Records from a data source
-------
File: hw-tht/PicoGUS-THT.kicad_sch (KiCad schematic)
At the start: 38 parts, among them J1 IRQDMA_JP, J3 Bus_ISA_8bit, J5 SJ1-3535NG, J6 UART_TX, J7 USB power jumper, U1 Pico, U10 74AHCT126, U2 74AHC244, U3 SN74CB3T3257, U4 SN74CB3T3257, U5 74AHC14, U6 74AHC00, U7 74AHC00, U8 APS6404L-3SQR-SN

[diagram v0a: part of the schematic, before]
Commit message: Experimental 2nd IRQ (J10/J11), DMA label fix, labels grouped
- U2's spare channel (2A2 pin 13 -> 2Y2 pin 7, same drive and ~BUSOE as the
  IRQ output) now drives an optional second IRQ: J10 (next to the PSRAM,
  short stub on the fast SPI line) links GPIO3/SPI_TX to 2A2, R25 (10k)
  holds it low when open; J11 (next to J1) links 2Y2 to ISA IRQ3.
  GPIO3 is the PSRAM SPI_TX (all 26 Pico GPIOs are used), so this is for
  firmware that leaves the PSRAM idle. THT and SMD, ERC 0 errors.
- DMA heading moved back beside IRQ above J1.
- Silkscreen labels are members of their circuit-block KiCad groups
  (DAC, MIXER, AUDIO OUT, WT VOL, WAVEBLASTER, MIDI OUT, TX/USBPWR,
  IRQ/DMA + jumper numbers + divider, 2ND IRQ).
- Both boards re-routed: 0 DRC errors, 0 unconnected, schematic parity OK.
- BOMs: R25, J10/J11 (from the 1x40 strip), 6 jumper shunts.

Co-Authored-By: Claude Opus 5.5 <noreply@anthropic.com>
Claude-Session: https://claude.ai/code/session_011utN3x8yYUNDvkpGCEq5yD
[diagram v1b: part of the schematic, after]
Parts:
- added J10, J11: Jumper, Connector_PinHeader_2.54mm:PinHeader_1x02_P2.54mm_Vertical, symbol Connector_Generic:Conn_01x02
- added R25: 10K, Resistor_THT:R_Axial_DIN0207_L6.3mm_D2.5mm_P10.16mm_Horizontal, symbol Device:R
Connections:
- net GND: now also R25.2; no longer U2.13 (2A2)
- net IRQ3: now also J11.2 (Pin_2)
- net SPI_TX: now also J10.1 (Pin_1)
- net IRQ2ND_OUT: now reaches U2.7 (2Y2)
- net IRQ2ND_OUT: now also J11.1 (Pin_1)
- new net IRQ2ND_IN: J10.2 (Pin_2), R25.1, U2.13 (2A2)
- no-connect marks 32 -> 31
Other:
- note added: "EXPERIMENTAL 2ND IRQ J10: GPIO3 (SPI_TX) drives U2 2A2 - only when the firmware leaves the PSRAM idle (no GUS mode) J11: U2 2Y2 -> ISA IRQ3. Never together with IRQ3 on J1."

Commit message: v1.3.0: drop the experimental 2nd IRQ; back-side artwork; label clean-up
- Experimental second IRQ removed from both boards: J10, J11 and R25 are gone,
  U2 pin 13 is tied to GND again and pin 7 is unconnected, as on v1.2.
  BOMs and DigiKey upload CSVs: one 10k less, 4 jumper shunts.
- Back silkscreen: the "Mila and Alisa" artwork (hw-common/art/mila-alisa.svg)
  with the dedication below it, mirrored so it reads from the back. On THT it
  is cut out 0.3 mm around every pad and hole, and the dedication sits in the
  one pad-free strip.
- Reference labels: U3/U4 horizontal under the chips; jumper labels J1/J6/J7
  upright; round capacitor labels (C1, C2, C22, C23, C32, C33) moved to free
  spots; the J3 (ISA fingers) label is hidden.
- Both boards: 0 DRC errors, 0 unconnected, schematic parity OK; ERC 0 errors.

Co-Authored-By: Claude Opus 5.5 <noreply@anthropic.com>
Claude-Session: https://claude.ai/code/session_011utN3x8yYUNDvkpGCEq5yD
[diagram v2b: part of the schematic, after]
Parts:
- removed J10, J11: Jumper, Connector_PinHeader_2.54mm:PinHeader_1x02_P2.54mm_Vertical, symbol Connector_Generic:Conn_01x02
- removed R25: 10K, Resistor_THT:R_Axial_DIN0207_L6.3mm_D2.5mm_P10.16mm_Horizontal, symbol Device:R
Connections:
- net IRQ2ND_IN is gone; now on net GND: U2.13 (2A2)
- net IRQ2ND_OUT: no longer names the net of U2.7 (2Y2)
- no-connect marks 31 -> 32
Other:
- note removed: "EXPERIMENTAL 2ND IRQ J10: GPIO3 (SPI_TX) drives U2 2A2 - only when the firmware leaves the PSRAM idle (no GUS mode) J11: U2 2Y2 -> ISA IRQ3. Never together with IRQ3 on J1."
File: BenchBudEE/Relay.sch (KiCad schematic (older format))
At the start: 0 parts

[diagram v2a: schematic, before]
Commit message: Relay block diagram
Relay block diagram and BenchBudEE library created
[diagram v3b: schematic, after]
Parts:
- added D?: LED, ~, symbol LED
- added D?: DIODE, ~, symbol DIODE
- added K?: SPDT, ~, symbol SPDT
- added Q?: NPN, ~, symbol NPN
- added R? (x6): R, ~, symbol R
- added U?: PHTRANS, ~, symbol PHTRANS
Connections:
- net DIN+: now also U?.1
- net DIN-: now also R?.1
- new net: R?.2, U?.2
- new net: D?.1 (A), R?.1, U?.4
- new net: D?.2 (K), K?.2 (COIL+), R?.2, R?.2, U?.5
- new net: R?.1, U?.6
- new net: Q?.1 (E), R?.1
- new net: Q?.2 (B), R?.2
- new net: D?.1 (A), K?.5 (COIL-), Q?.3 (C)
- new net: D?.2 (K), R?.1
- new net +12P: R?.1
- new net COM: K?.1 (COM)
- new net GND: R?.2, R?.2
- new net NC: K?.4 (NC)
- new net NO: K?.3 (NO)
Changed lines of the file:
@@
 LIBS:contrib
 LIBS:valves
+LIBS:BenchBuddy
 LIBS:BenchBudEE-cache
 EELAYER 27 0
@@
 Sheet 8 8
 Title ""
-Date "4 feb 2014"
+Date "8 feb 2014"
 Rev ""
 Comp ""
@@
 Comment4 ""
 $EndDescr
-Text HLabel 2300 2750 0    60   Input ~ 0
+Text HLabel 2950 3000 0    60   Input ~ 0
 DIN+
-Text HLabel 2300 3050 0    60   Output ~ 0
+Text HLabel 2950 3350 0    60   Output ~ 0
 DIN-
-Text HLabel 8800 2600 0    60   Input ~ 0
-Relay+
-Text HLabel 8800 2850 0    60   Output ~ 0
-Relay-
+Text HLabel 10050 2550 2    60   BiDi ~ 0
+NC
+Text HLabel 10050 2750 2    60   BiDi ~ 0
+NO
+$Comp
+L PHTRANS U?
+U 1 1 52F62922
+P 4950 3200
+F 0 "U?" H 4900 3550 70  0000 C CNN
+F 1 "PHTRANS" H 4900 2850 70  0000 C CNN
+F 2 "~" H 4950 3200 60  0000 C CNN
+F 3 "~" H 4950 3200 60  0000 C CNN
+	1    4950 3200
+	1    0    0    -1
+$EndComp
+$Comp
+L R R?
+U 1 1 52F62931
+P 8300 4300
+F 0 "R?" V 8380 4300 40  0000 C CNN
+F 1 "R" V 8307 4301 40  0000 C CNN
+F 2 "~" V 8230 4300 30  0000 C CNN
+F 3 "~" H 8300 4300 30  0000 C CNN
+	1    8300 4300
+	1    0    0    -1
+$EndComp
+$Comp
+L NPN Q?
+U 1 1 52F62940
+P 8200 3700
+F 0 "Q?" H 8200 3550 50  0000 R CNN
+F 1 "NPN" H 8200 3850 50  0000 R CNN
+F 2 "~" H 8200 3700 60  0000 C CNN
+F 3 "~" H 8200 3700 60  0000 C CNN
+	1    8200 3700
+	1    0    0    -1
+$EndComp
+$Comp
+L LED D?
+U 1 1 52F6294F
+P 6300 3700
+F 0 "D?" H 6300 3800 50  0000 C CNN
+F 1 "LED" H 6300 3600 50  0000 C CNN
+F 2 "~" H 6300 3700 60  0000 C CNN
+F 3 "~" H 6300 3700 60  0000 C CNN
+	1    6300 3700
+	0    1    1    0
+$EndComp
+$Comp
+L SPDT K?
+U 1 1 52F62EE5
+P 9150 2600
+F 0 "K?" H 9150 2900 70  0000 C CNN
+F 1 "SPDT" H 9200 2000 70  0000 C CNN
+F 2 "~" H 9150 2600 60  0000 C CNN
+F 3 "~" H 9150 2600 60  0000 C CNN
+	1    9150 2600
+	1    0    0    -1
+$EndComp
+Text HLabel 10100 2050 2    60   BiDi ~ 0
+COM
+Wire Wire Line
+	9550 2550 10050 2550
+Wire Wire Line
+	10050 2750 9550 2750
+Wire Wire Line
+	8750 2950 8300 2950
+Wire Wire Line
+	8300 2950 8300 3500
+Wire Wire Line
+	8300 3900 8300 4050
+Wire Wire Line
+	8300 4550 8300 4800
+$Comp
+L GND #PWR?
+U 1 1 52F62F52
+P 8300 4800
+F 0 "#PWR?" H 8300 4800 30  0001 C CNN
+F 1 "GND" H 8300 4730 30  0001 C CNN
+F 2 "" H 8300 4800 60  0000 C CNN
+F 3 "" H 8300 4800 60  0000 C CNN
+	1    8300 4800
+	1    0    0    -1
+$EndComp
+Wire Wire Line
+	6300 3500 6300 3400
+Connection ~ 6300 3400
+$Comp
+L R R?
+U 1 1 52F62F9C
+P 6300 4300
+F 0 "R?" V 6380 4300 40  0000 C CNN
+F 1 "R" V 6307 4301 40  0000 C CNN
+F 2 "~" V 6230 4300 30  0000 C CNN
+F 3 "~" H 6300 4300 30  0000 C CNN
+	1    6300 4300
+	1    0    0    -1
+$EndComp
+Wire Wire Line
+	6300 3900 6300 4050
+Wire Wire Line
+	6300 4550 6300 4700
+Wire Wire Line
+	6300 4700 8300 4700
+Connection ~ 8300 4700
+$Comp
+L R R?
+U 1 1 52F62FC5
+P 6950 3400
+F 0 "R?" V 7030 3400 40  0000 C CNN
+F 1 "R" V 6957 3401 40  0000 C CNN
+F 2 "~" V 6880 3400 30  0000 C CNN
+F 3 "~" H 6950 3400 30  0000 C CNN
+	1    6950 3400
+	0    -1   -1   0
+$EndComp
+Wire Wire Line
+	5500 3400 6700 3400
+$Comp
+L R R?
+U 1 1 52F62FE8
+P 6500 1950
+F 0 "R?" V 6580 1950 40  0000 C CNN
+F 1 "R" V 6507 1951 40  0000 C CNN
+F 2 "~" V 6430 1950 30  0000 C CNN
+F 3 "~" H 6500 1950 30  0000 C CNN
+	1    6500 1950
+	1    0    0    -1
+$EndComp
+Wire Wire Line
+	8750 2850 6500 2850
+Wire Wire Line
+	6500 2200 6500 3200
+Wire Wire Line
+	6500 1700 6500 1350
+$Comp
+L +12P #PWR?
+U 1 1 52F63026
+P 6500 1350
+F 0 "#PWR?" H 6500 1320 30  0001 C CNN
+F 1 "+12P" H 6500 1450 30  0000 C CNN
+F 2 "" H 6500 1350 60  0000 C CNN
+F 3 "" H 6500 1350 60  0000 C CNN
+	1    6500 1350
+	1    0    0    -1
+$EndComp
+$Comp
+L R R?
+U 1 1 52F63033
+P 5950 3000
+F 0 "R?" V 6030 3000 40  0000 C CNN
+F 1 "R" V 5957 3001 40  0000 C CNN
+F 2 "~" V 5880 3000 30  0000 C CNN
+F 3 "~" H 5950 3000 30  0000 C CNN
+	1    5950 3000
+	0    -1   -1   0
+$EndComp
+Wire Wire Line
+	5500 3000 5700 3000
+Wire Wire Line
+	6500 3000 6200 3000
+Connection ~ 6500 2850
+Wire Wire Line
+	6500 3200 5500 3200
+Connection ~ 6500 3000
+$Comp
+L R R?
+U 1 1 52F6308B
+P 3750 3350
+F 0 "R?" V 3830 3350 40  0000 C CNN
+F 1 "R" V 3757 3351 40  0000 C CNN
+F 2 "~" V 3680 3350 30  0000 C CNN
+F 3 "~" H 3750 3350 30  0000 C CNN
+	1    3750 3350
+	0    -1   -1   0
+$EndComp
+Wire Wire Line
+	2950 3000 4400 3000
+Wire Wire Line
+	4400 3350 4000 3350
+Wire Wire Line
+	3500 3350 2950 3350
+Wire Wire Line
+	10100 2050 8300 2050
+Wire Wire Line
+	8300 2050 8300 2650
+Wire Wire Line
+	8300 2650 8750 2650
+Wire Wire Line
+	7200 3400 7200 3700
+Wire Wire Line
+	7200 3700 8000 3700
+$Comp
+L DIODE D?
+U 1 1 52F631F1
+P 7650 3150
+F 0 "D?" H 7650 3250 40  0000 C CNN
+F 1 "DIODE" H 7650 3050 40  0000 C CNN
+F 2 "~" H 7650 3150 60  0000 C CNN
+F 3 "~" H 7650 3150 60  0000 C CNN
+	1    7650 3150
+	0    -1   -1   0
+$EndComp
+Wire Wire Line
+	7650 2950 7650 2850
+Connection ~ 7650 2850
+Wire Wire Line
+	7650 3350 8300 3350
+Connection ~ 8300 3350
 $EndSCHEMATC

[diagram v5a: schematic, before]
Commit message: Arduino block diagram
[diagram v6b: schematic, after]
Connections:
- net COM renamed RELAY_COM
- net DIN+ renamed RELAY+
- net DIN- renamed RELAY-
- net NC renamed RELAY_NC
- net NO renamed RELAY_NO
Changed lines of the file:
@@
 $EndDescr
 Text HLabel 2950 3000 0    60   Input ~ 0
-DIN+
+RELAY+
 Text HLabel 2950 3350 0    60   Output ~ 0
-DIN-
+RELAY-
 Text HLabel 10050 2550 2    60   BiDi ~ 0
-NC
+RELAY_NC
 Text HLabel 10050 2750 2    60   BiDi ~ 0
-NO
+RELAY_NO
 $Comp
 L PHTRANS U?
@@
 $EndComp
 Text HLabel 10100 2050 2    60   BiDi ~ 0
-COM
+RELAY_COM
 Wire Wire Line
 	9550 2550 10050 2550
-------
Instructions to follow
Beginning with the line that has "- added D?: LED, ~, symbol LED" and ending with the line that has "- new net: R?.1, U?.6", set down the lines above exactly and include no others.

Written solution
- added D?: LED, ~, symbol LED
- added D?: DIODE, ~, symbol DIODE
- added K?: SPDT, ~, symbol SPDT
- added Q?: NPN, ~, symbol NPN
- added R? (x6): R, ~, symbol R
- added U?: PHTRANS, ~, symbol PHTRANS
Connections:
- net DIN+: now also U?.1
- net DIN-: now also R?.1
- new net: R?.2, U?.2
- new net: D?.1 (A), R?.1, U?.4
- new net: D?.2 (K), K?.2 (COIL+), R?.2, R?.2, U?.5
- new net: R?.1, U?.6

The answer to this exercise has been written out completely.